───── Data to use ─────
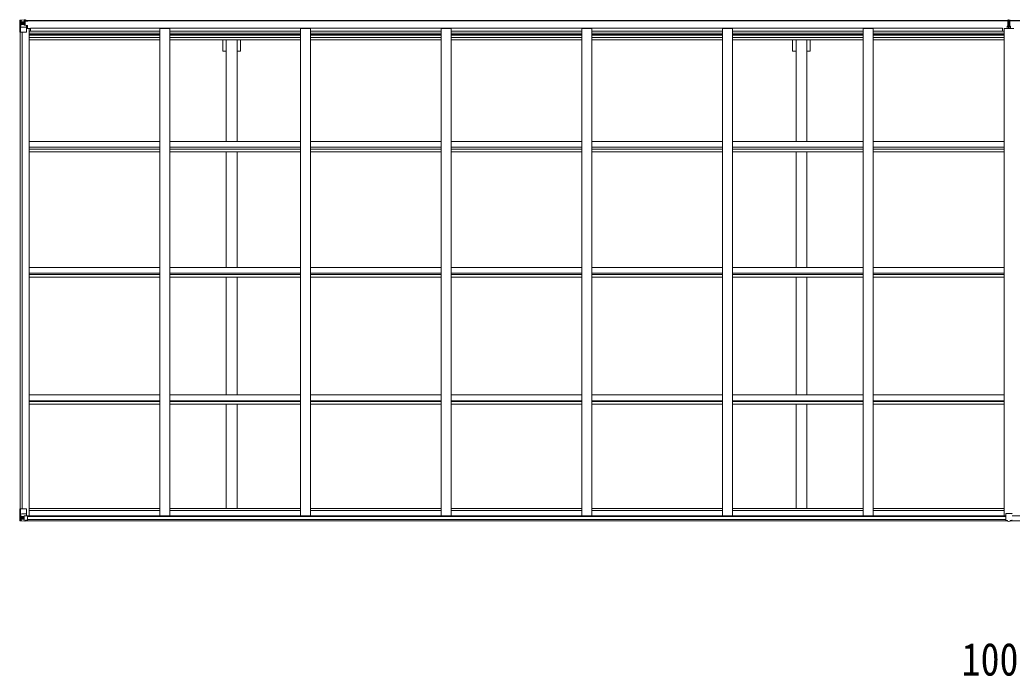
# Model space of a CAD drawing. Units: millimetres at full size; details may follow other scales. Extents: x -9783 to 9892, y -6828 to 6752.
# Drawn here: x -3052 to 1998, y 884 to 4225 of the extents above; entities that cross this region are included whole.
import ezdxf
from ezdxf.enums import TextEntityAlignment as Align

# ---------------------------------------------------------------- set-up
doc = ezdxf.new("R2010")
doc.units = ezdxf.units.MM
doc.header["$LTSCALE"] = 35
for name, color, linetype, lineweight in [('0-1_本体', 4, 'Continuous', 9), ('0-2_部品', 7, 'Continuous', 9), ('0-A_寸法', 6, 'Continuous', 9)]:
    doc.layers.add(name, color=color, linetype=linetype, lineweight=lineweight)
doc.styles.add('ＭＳ ゴシック', font='')
doc.styles.get('ＭＳ ゴシック').set_extended_font_data('MS Gothic')

msp = doc.modelspace()

# ---------------------------------------------------------------- linework, layer by layer
at = {"layer": '0-1_本体'}
for p, q in [((-3028.64, 4222.19), (1975.36, 4222.19)), ((-3028.64, 4220.13), (1975.36, 4220.13)), ((6992.36, 4222.19), (1988.36, 4222.19)), ((6992.36, 4220.13), (1988.36, 4220.13)), ((-3050.14, 1736.33), (-3050.14, 4161.42)), ((-3041.14, 1736.33), (-3041.14, 4161.42)), ((-3040.44, 1736.33), (-3040.44, 4161.42)), ((-3018.14, 4180.5), (-3005.14, 4180.5)), ((-3005.14, 1699.98), (-3005.14, 4180.5)), ((-3005.14, 4166.85), (-2339.14, 4166.85)), ((-3005.14, 4157.49), (-2339.14, 4157.49)), ((-3005.14, 4150.41), (-2339.14, 4150.41)), ((-3005.14, 4146.63), (-2339.14, 4146.63)), ((-2997.64, 4181.92), (1949.36, 4181.92)), ((-2997.64, 4166.85), (-2997.64, 4181.92)), ((-2339.14, 4180.08), (-2289.14, 4180.08)), ((-2339.14, 1699.98), (-2339.14, 4180.08)), ((-2289.14, 1699.98), (-2289.14, 4180.08)), ((-2289.14, 4166.85), (-1623.14, 4166.85)), ((-2289.14, 4157.49), (-1623.14, 4157.49)), ((-2289.14, 4150.41), (-1623.14, 4150.41)), ((-2289.14, 4146.63), (-1623.14, 4146.63)), ((-1623.14, 4180.08), (-1573.14, 4180.08)), ((-1623.14, 1699.98), (-1623.14, 4180.08)), ((-1573.14, 1699.98), (-1573.14, 4180.08)), ((-1573.14, 4166.85), (-907.14, 4166.85)), ((-1573.14, 4157.49), (-907.14, 4157.49)), ((-1573.14, 4150.41), (-907.14, 4150.41)), ((-1573.14, 4146.63), (-907.14, 4146.63)), ((-907.14, 4180.08), (-857.14, 4180.08)), ((-907.14, 1699.98), (-907.14, 4180.08)), ((-857.14, 1699.98), (-857.14, 4180.08)), ((-857.14, 4166.85), (-191.14, 4166.85)), ((-857.14, 4157.49), (-191.14, 4157.49)), ((-857.14, 4150.41), (-191.14, 4150.41)), ((-857.14, 4146.63), (-191.14, 4146.63)), ((-191.14, 4180.08), (-141.14, 4180.08)), ((-191.14, 1699.98), (-191.14, 4180.08)), ((-141.14, 1699.98), (-141.14, 4180.08)), ((-141.14, 4166.85), (524.86, 4166.85)), ((-141.14, 4157.49), (524.86, 4157.49)), ((-141.14, 4150.41), (524.86, 4150.41)), ((-141.14, 4146.63), (524.86, 4146.63)), ((524.86, 4180.08), (574.86, 4180.08)), ((524.86, 1699.98), (524.86, 4180.08)), ((574.86, 1699.98), (574.86, 4180.08)), ((574.86, 4166.85), (1240.86, 4166.85)), ((574.86, 4157.49), (1240.86, 4157.49)), ((574.86, 4150.41), (1240.86, 4150.41)), ((574.86, 4146.63), (1240.86, 4146.63)), ((1240.86, 4180.08), (1290.86, 4180.08)), ((1240.86, 1699.98), (1240.86, 4180.08)), ((1290.86, 1699.98), (1290.86, 4180.08)), ((1290.86, 4166.85), (1956.86, 4166.85)), ((1290.86, 4157.49), (1956.86, 4157.49)), ((1290.86, 4150.41), (1956.86, 4150.41)), ((1290.86, 4146.63), (1956.86, 4146.63)), ((1949.36, 4166.85), (1949.36, 4181.92)), ((1956.86, 4180.08), (2006.86, 4180.08)), ((1956.86, 1699.98), (1956.86, 4180.08)), ((-3005.14, 4135.28), (-2339.14, 4135.28)), ((-3005.14, 4122.46), (-2339.14, 4122.46)), ((-2289.14, 4135.28), (-1623.14, 4135.28)), ((-2289.14, 4122.46), (-1623.14, 4122.46)), ((-2001.64, 3605), (-2001.64, 4122.46)), ((-1946.64, 3605), (-1946.64, 4122.46)), ((-1928.94, 4066.19), (-1928.94, 4122.46)), ((-1573.14, 4135.28), (-907.14, 4135.28)), ((-1573.14, 4122.46), (-907.14, 4122.46)), ((-857.14, 4135.28), (-191.14, 4135.28)), ((-857.14, 4122.46), (-191.14, 4122.46)), ((-141.14, 4135.28), (524.86, 4135.28)), ((-141.14, 4122.46), (524.86, 4122.46)), ((574.86, 4135.28), (1240.86, 4135.28)), ((574.86, 4122.46), (1240.86, 4122.46)), ((880.66, 4066.19), (880.66, 4122.46)), ((898.36, 3605), (898.36, 4122.46)), ((953.36, 3605), (953.36, 4122.46)), ((971.06, 4066.19), (971.06, 4122.46)), ((1290.86, 4135.28), (1956.86, 4135.28)), ((1290.86, 4122.46), (1956.86, 4122.46)), ((-1928.94, 4066.19), (-1946.64, 4066.19)), ((898.36, 4066.19), (880.66, 4066.19)), ((971.06, 4066.19), (953.36, 4066.19)), ((-3005.14, 3605), (-2339.14, 3605)), ((-2289.14, 3605), (-1623.14, 3605)), ((-1573.14, 3605), (-907.14, 3605)), ((-857.14, 3605), (-191.14, 3605)), ((-141.14, 3605), (524.86, 3605)), ((574.86, 3605), (1240.86, 3605)), ((1290.86, 3605), (1956.86, 3605)), ((-3005.14, 3576.04), (-2339.14, 3576.04)), ((-3005.14, 3565.88), (-2339.14, 3565.88)), ((-3005.14, 3553.05), (-2339.14, 3553.05)), ((-2289.14, 3576.04), (-1623.14, 3576.04)), ((-2289.14, 3565.88), (-1623.14, 3565.88)), ((-2289.14, 3553.05), (-1623.14, 3553.05)), ((-2001.64, 2964.54), (-2001.64, 3553.05)), ((-1946.64, 2964.54), (-1946.64, 3553.05)), ((-1573.14, 3576.04), (-907.14, 3576.04)), ((-1573.14, 3565.88), (-907.14, 3565.88)), ((-1573.14, 3553.05), (-907.14, 3553.05)), ((-857.14, 3576.04), (-191.14, 3576.04)), ((-857.14, 3565.88), (-191.14, 3565.88)), ((-857.14, 3553.05), (-191.14, 3553.05)), ((-141.14, 3576.04), (524.86, 3576.04)), ((-141.14, 3565.88), (524.86, 3565.88)), ((-141.14, 3553.05), (524.86, 3553.05)), ((574.86, 3576.04), (1240.86, 3576.04)), ((574.86, 3565.88), (1240.86, 3565.88)), ((574.86, 3553.05), (1240.86, 3553.05)), ((898.36, 2964.54), (898.36, 3553.05)), ((953.36, 2964.54), (953.36, 3553.05)), ((1290.86, 3576.04), (1956.86, 3576.04)), ((1290.86, 3565.88), (1956.86, 3565.88)), ((1290.86, 3553.05), (1956.86, 3553.05)), ((-3005.14, 2964.54), (-2339.14, 2964.54)), ((-3005.14, 2935.1), (-2339.14, 2935.1)), ((-2289.14, 2964.54), (-1623.14, 2964.54)), ((-2289.14, 2935.1), (-1623.14, 2935.1)), ((-1573.14, 2964.54), (-907.14, 2964.54)), ((-1573.14, 2935.1), (-907.14, 2935.1)), ((-857.14, 2964.54), (-191.14, 2964.54)), ((-857.14, 2935.1), (-191.14, 2935.1)), ((-141.14, 2964.54), (524.86, 2964.54)), ((-141.14, 2935.1), (524.86, 2935.1)), ((574.86, 2964.54), (1240.86, 2964.54)), ((574.86, 2935.1), (1240.86, 2935.1)), ((1290.86, 2964.54), (1956.86, 2964.54)), ((1290.86, 2935.1), (1956.86, 2935.1)), ((-3005.14, 2927.96), (-2339.14, 2927.96)), ((-3005.14, 2915), (-2339.14, 2915)), ((-2289.14, 2927.96), (-1623.14, 2927.96)), ((-2289.14, 2915), (-1623.14, 2915)), ((-2001.64, 2315.71), (-2001.64, 2915)), ((-1946.64, 2315.71), (-1946.64, 2915)), ((-1573.14, 2927.96), (-907.14, 2927.96)), ((-1573.14, 2915), (-907.14, 2915)), ((-857.14, 2927.96), (-191.14, 2927.96)), ((-857.14, 2915), (-191.14, 2915)), ((-141.14, 2927.96), (524.86, 2927.96)), ((-141.14, 2915), (524.86, 2915)), ((574.86, 2927.96), (1240.86, 2927.96)), ((574.86, 2915), (1240.86, 2915)), ((898.36, 2315.71), (898.36, 2915)), ((953.36, 2315.71), (953.36, 2915)), ((1290.86, 2927.96), (1956.86, 2927.96)), ((1290.86, 2915), (1956.86, 2915)), ((-3005.14, 2315.71), (-2339.14, 2315.71)), ((-3005.14, 2285.92), (-2339.14, 2285.92)), ((-3005.14, 2282.04), (-2339.14, 2282.04)), ((-2289.14, 2315.71), (-1623.14, 2315.71)), ((-2289.14, 2285.92), (-1623.14, 2285.92)), ((-2289.14, 2282.04), (-1623.14, 2282.04)), ((-1573.14, 2315.71), (-907.14, 2315.71)), ((-1573.14, 2285.92), (-907.14, 2285.92)), ((-1573.14, 2282.04), (-907.14, 2282.04)), ((-857.14, 2315.71), (-191.14, 2315.71)), ((-857.14, 2285.92), (-191.14, 2285.92)), ((-857.14, 2282.04), (-191.14, 2282.04)), ((-141.14, 2315.71), (524.86, 2315.71)), ((-141.14, 2285.92), (524.86, 2285.92)), ((-141.14, 2282.04), (524.86, 2282.04)), ((574.86, 2315.71), (1240.86, 2315.71)), ((574.86, 2285.92), (1240.86, 2285.92)), ((574.86, 2282.04), (1240.86, 2282.04)), ((1290.86, 2315.71), (1956.86, 2315.71)), ((1290.86, 2285.92), (1956.86, 2285.92)), ((1290.86, 2282.04), (1956.86, 2282.04)), ((-3005.11, 2269.02), (-2339.11, 2269.02)), ((-2289.11, 2269.02), (-1623.11, 2269.02)), ((-2001.64, 1737.2), (-2001.64, 2269.02)), ((-1946.64, 1737.2), (-1946.64, 2269.02)), ((-1573.11, 2269.02), (-907.11, 2269.02)), ((-857.11, 2269.02), (-191.11, 2269.02)), ((-141.11, 2269.02), (524.89, 2269.02)), ((574.89, 2269.02), (1240.89, 2269.02)), ((898.36, 1737.2), (898.36, 2269.02)), ((953.36, 1737.2), (953.36, 2269.02)), ((1290.89, 2269.02), (1956.89, 2269.02)), ((-3005.14, 1737.2), (-2339.14, 1737.2)), ((-3005.14, 1728.08), (-2339.14, 1728.08)), ((-2289.14, 1737.2), (-1623.14, 1737.2)), ((-2289.14, 1728.08), (-1623.14, 1728.08)), ((-1573.14, 1737.2), (-907.14, 1737.2)), ((-1573.14, 1728.08), (-907.14, 1728.08)), ((-857.14, 1737.2), (-191.14, 1737.2)), ((-857.14, 1728.08), (-191.14, 1728.08)), ((-141.14, 1737.2), (524.86, 1737.2)), ((-141.14, 1728.08), (524.86, 1728.08)), ((574.86, 1737.2), (1240.86, 1737.2)), ((574.86, 1728.08), (1240.86, 1728.08)), ((1290.86, 1737.2), (1956.86, 1737.2)), ((1290.86, 1728.08), (1956.86, 1728.08)), ((-3023.64, 1674.53), (1975.36, 1674.53)), ((-3014.18, 1699.98), (1965.91, 1699.98)), ((-3013.64, 1697.62), (1965.36, 1697.62)), ((-3013.64, 1681.96), (1965.36, 1681.96)), ((6987.36, 1674.53), (1988.36, 1674.53)), ((6977.9, 1699.98), (1997.82, 1699.98))]:
    msp.add_line(p, q, dxfattribs=at)
msp.add_lwpolyline([(-2001.64, 4066.19), (-2019.34, 4066.19), (-2019.34, 4122.46)], dxfattribs=at)
at = {"layer": '0-2_部品'}
for p, q in [((-3052.14, 4222.13), (-3052.14, 4222.09)), ((-3051.2, 4223.13), (-3051.2, 4223.13)), ((-3051.2, 4223.09), (-3051.2, 4223.13)), ((-3042.23, 4223.52), (-3050.15, 4223.05)), ((-3049.29, 4222.08), (-3049.29, 4222.01)), ((-3049.29, 4161.42), (-3049.29, 4222.01)), ((-3048.75, 4188.3), (-3044.6, 4200.39)), ((-3045.32, 4218.63), (-3048.06, 4222.3)), ((-3044.47, 4215.12), (-3042.14, 4215.18)), ((-3044.47, 4201.65), (-3044.47, 4215.12)), ((-3042.14, 4201.62), (-3044.47, 4201.65)), ((-3030.14, 4224.31), (-3042.14, 4223.52)), ((-3042.14, 4215.18), (-3030.14, 4215.18)), ((-3042.14, 4201.62), (-3030.14, 4201.62)), ((-3042.14, 4201.62), (-3042.14, 4201.62)), ((-3036.66, 4207.98), (-3036.66, 4207.02)), ((-3031.14, 4215.18), (-3030.14, 4215.18)), ((-3023.64, 4224.82), (-3030.14, 4224.42)), ((-3030.14, 4198.33), (-3030.14, 4224.42)), ((-3030.14, 4223.54), (-3023.64, 4223.94)), ((-3028.64, 4218.72), (-3030.14, 4218.72)), ((-3028.64, 4215.18), (-3030.14, 4215.18)), ((-3028.64, 4201.62), (-3030.14, 4201.62)), ((-3029.31, 4198.07), (-3018.96, 4196.41)), ((-3029.31, 4197.43), (-3029.31, 4198.07)), ((-3018.96, 4195.78), (-3029.31, 4197.43)), ((-3023.64, 4223.01), (-3028.64, 4222.92)), ((-3028.14, 4218.36), (-3028.64, 4218.36)), ((-3024.64, 4213.42), (-3028.64, 4213.42)), ((-3024.64, 4205.22), (-3028.64, 4205.22)), ((-3028.53, 4217.05), (-3024.64, 4217.05)), ((-3028.14, 4219.38), (-3028.14, 4217.43)), ((-3020.14, 4219.38), (-3028.14, 4219.38)), ((-3020.14, 4219.36), (-3028.14, 4219.36)), ((-3018.14, 4217.51), (-3028.14, 4217.43)), ((-3028.14, 4217.26), (-3028.14, 4217.43)), ((-3028.14, 4217.43), (-3028.14, 4217.43)), ((-3024.64, 4197.32), (-3024.64, 4217.29)), ((-3023.64, 4223.94), (-3023.64, 4224.82)), ((-3023.64, 4223.42), (-3023.64, 4223.94)), ((-3023.64, 4223.42), (-3023.64, 4223.01)), ((-3023.64, 4223.01), (-3023.64, 4222.19)), ((-3018.96, 4196.41), (-3018.96, 4195.78)), ((-3018.68, 4196.34), (-3014.64, 4196.3)), ((-3018.64, 4222.62), (-3018.64, 4222.19)), ((-3018.34, 4222.62), (-3018.64, 4222.62)), ((-3018.34, 4222.62), (-3016.65, 4222.19)), ((-3018.14, 4219.12), (-3013.14, 4219.12)), ((-3018.14, 4217.51), (-3018.14, 4219.12)), ((-3018.14, 4162.42), (-3018.14, 4195.52)), ((-3013.64, 4196.29), (-3014.64, 4196.3)), ((-3014.64, 4194.57), (-3013.64, 4194.57)), ((-3013.64, 4181.11), (-3013.64, 4196.29)), ((-3013.14, 4220.13), (-3013.14, 4219.12)), ((-3013.14, 4219.12), (-3012.14, 4219.12)), ((-3012.14, 4219.12), (-3012.14, 4220.13)), ((-3012.14, 4219.12), (-3012.14, 4217.56)), ((-3012.14, 4217.44), (-3012.14, 4217.56)), ((1973.36, 4192.85), (1980.36, 4192.91)), ((1975.36, 4223.91), (1980.21, 4224.21)), ((1975.36, 4220.91), (1975.36, 4223.91)), ((1980.36, 4221.21), (1975.36, 4220.91)), ((1975.36, 4219.41), (1975.36, 4220.91)), ((1976.36, 4218.41), (1980.36, 4218.41)), ((1976.36, 4216.58), (1976.36, 4218.41)), ((1976.36, 4216.58), (1980.36, 4216.51)), ((1976.36, 4212.98), (1976.36, 4216.58)), ((1976.36, 4212.98), (1980.36, 4212.91)), ((1976.36, 4204.74), (1976.36, 4212.98)), ((1976.36, 4204.74), (1980.36, 4204.71)), ((1976.36, 4192.88), (1976.36, 4204.74)), ((1980.21, 4224.21), (1981.86, 4224.31)), ((1981.86, 4221.3), (1980.36, 4221.21)), ((1980.36, 4218.41), (1980.36, 4221.21)), ((1980.36, 4218.41), (1980.36, 4207.69)), ((1980.36, 4207.69), (1983.36, 4207.69)), ((1980.36, 4200.62), (1980.36, 4207.69)), ((1980.36, 4200.62), (1983.36, 4200.62)), ((1980.36, 4190.98), (1980.36, 4200.62)), ((1981.86, 4224.31), (1981.86, 4221.3)), ((1988.36, 4220.9), (1981.86, 4221.3)), ((1983.36, 4218.41), (1987.36, 4218.41)), ((1983.36, 4218.41), (1983.36, 4207.69)), ((1983.36, 4216.51), (1987.36, 4216.51)), ((1983.36, 4200.62), (1983.36, 4207.69)), ((1983.36, 4190.98), (1983.36, 4200.62)), ((1990.36, 4192.35), (1983.36, 4192.41)), ((1987.36, 4216.51), (1987.36, 4218.41)), ((1987.36, 4192.88), (1987.36, 4204.71)), ((1988.36, 4219.41), (1988.36, 4220.9)), ((1990.36, 4191.47), (1990.36, 4192.35)), ((-3049.29, 4161.42), (-3019.14, 4161.42)), ((-3048.75, 4188.3), (-3042.14, 4188.09)), ((-3042.14, 4188.09), (-3018.14, 4188.09)), ((-3013.64, 4184.42), (-3018.14, 4184.42)), ((-2997.64, 4181.11), (-3018.14, 4181.11)), ((1973.36, 4191.47), (1980.36, 4191.41)), ((1973.36, 4180.08), (1973.36, 4190.97)), ((1980.36, 4190.98), (1983.36, 4190.98)), ((1980.36, 4183.91), (1980.36, 4190.98)), ((1980.36, 4183.91), (1983.36, 4183.91)), ((1980.36, 4183.91), (1980.36, 4180.08)), ((1983.36, 4183.91), (1983.36, 4190.98)), ((1983.36, 4183.91), (1983.36, 4180.08)), ((1990.36, 4180.08), (1990.36, 4190.97)), ((-3052.14, 1736.33), (-3019.14, 1736.33)), ((-3052.14, 1675.62), (-3052.14, 1736.33)), ((-3049.29, 1736.33), (-3049.29, 1675.74)), ((-3018.14, 1735.33), (-3018.14, 1702.23)), ((-3051.2, 1674.66), (-3051.2, 1674.61)), ((-3042.23, 1674.23), (-3050.15, 1674.7)), ((-3049.29, 1675.67), (-3049.29, 1675.74)), ((-3048.75, 1709.44), (-3042.14, 1709.66)), ((-3048.75, 1709.44), (-3044.6, 1697.36)), ((-3045.32, 1679.12), (-3048.06, 1675.45)), ((-3042.14, 1696.13), (-3044.47, 1696.09)), ((-3044.47, 1696.09), (-3044.47, 1682.62)), ((-3044.47, 1682.62), (-3042.14, 1682.56)), ((-3042.14, 1709.66), (-3018.14, 1709.66)), ((-3042.14, 1696.13), (-3042.14, 1696.13)), ((-3030.14, 1696.13), (-3042.14, 1696.13)), ((-3042.14, 1682.57), (-3030.14, 1682.57)), ((-3030.14, 1673.44), (-3042.14, 1674.22)), ((-3037.62, 1689.77), (-3037.62, 1690.73)), ((-3030.14, 1700.11), (-3023.64, 1700.11)), ((-3030.14, 1700.11), (-3030.14, 1673.33)), ((-3018.96, 1701.97), (-3029.31, 1700.31)), ((-3029.31, 1700.31), (-3029.31, 1700.11)), ((-3026.61, 1700.11), (-3018.96, 1701.33)), ((-3023.64, 1700.11), (-3014.64, 1700.08)), ((-3023.64, 1672.93), (-3023.64, 1678.87)), ((-3014.64, 1678.3), (-3023.64, 1678.24)), ((-3018.96, 1701.33), (-3018.96, 1701.97)), ((-3013.64, 1699.17), (-3013.64, 1679.02)), ((1965.36, 1678.07), (1965.36, 1710.39)), ((1965.36, 1678.07), (1965.37, 1678.03)), ((1997.36, 1711.39), (1966.36, 1711.39)), ((1975.36, 1677.3), (1966.36, 1677.35)), ((1988.36, 1677.3), (1997.36, 1677.35))]:
    msp.add_line(p, q, dxfattribs=at)
for points in [[(-3052.14, 4222.09), (-3052.14, 4161.42), (-3049.29, 4161.42)], [(-3051.2, 4223.13), (-3042.14, 4223.69), (-3030.14, 4224.42)], [(-3038.58, 4208.94), (-3039.54, 4208.94), (-3039.54, 4209.9), (-3038.58, 4209.9)], [(-3037.62, 4210.86), (-3037.62, 4211.82), (-3036.66, 4211.82), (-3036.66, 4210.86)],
─────
**What to produce**
Using the entries above, count the lines that have the string "color" in them. Answer with that number only.

**Task answer**
2